__Goal of the exercise__:
Starting with the line that contains "circle A7 centre (-24.5, -10) radius 1.75" and stopping after the line that contains "normal blind 7.112", copy the entries below exactly. Include nothing else.

__Records provided__:
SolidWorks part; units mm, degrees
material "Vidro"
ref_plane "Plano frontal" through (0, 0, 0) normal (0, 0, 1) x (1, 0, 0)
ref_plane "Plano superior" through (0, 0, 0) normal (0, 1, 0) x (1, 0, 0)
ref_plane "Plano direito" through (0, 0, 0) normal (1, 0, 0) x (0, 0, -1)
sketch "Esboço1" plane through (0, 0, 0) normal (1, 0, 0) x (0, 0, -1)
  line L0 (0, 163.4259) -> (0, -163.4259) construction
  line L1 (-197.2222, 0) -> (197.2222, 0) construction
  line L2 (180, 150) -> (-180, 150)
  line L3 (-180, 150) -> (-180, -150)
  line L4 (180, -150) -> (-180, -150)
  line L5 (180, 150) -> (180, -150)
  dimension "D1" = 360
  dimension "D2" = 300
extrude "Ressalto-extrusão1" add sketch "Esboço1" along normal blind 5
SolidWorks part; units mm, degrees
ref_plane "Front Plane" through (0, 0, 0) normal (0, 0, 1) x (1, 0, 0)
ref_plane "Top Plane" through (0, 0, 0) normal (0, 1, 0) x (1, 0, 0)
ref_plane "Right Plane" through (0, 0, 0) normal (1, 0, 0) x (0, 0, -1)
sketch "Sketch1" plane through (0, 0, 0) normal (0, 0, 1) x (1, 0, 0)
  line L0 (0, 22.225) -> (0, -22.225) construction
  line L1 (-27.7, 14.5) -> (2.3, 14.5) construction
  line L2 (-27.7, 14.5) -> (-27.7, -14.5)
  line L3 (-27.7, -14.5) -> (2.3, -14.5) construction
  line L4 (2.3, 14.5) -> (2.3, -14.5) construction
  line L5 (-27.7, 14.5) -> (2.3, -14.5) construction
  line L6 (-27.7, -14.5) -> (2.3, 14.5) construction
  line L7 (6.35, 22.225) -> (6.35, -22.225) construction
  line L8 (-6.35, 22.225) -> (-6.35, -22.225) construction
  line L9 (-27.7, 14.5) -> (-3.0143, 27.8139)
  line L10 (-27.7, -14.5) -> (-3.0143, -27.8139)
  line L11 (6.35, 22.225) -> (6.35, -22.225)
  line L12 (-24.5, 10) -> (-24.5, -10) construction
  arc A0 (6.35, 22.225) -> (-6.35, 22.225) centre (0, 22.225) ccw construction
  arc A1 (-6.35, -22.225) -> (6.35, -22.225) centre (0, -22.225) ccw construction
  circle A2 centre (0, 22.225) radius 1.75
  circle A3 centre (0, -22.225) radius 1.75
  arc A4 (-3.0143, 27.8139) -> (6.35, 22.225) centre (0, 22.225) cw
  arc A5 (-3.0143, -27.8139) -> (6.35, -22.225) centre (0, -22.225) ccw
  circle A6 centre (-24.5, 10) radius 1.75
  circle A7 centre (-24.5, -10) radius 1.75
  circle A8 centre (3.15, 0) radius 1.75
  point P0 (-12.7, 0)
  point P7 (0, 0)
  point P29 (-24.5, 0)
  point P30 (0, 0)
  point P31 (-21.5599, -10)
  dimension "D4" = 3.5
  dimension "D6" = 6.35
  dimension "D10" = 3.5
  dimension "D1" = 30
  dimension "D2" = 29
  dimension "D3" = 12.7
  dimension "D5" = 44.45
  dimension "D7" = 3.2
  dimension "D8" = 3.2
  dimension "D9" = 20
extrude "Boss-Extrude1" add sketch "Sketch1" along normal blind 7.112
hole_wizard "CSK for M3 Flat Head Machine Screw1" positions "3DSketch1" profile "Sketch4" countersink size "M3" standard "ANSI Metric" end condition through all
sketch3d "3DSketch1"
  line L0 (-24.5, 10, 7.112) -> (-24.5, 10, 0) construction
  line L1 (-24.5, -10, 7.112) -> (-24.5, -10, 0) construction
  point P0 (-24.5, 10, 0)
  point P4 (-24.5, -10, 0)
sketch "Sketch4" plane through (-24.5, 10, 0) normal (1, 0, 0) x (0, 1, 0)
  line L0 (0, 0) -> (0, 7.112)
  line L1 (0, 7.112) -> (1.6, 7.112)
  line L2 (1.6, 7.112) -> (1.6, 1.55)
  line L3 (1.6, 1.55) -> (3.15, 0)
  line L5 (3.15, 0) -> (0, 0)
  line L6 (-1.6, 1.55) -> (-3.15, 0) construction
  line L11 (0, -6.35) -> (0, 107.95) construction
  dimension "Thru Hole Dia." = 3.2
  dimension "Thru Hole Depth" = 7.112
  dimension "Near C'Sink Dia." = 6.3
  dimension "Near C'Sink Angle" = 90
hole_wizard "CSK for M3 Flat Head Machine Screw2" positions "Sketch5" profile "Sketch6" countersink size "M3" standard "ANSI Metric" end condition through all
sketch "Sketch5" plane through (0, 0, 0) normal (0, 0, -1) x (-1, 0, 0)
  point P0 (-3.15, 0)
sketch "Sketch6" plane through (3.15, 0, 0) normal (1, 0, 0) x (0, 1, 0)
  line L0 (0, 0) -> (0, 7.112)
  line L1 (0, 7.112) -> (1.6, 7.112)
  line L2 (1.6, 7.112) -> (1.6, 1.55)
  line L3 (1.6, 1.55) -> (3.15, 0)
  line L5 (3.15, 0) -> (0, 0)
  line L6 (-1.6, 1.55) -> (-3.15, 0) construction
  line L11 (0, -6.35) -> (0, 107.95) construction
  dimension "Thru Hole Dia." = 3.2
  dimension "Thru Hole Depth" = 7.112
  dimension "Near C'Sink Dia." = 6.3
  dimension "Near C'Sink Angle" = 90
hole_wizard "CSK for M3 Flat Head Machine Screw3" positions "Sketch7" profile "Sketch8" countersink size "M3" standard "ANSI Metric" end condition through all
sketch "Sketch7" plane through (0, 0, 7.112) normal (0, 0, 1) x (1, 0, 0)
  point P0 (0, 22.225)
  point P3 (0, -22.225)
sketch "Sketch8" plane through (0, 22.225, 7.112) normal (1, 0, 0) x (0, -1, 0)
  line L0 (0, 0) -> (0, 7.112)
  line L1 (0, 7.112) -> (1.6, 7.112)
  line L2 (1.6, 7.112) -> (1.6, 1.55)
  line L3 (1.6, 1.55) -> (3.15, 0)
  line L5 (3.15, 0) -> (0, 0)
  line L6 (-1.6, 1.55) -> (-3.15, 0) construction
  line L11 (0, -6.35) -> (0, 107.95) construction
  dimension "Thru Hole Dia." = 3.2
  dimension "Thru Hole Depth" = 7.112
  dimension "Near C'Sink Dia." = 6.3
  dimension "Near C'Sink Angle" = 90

__Written solution__:
  circle A7 centre (-24.5, -10) radius 1.75
  circle A8 centre (3.15, 0) radius 1.75
  point P0 (-12.7, 0)
  point P7 (0, 0)
  point P29 (-24.5, 0)
  point P30 (0, 0)
  point P31 (-21.5599, -10)
  dimension "D4" = 3.5
  dimension "D6" = 6.35
  dimension "D10" = 3.5
  dimension "D1" = 30
  dimension "D2" = 29
  dimension "D3" = 12.7
  dimension "D5" = 44.45
  dimension "D7" = 3.2
  dimension "D8" = 3.2
  dimension "D9" = 20
extrude "Boss-Extrude1" add sketch "Sketch1" along normal blind 7.112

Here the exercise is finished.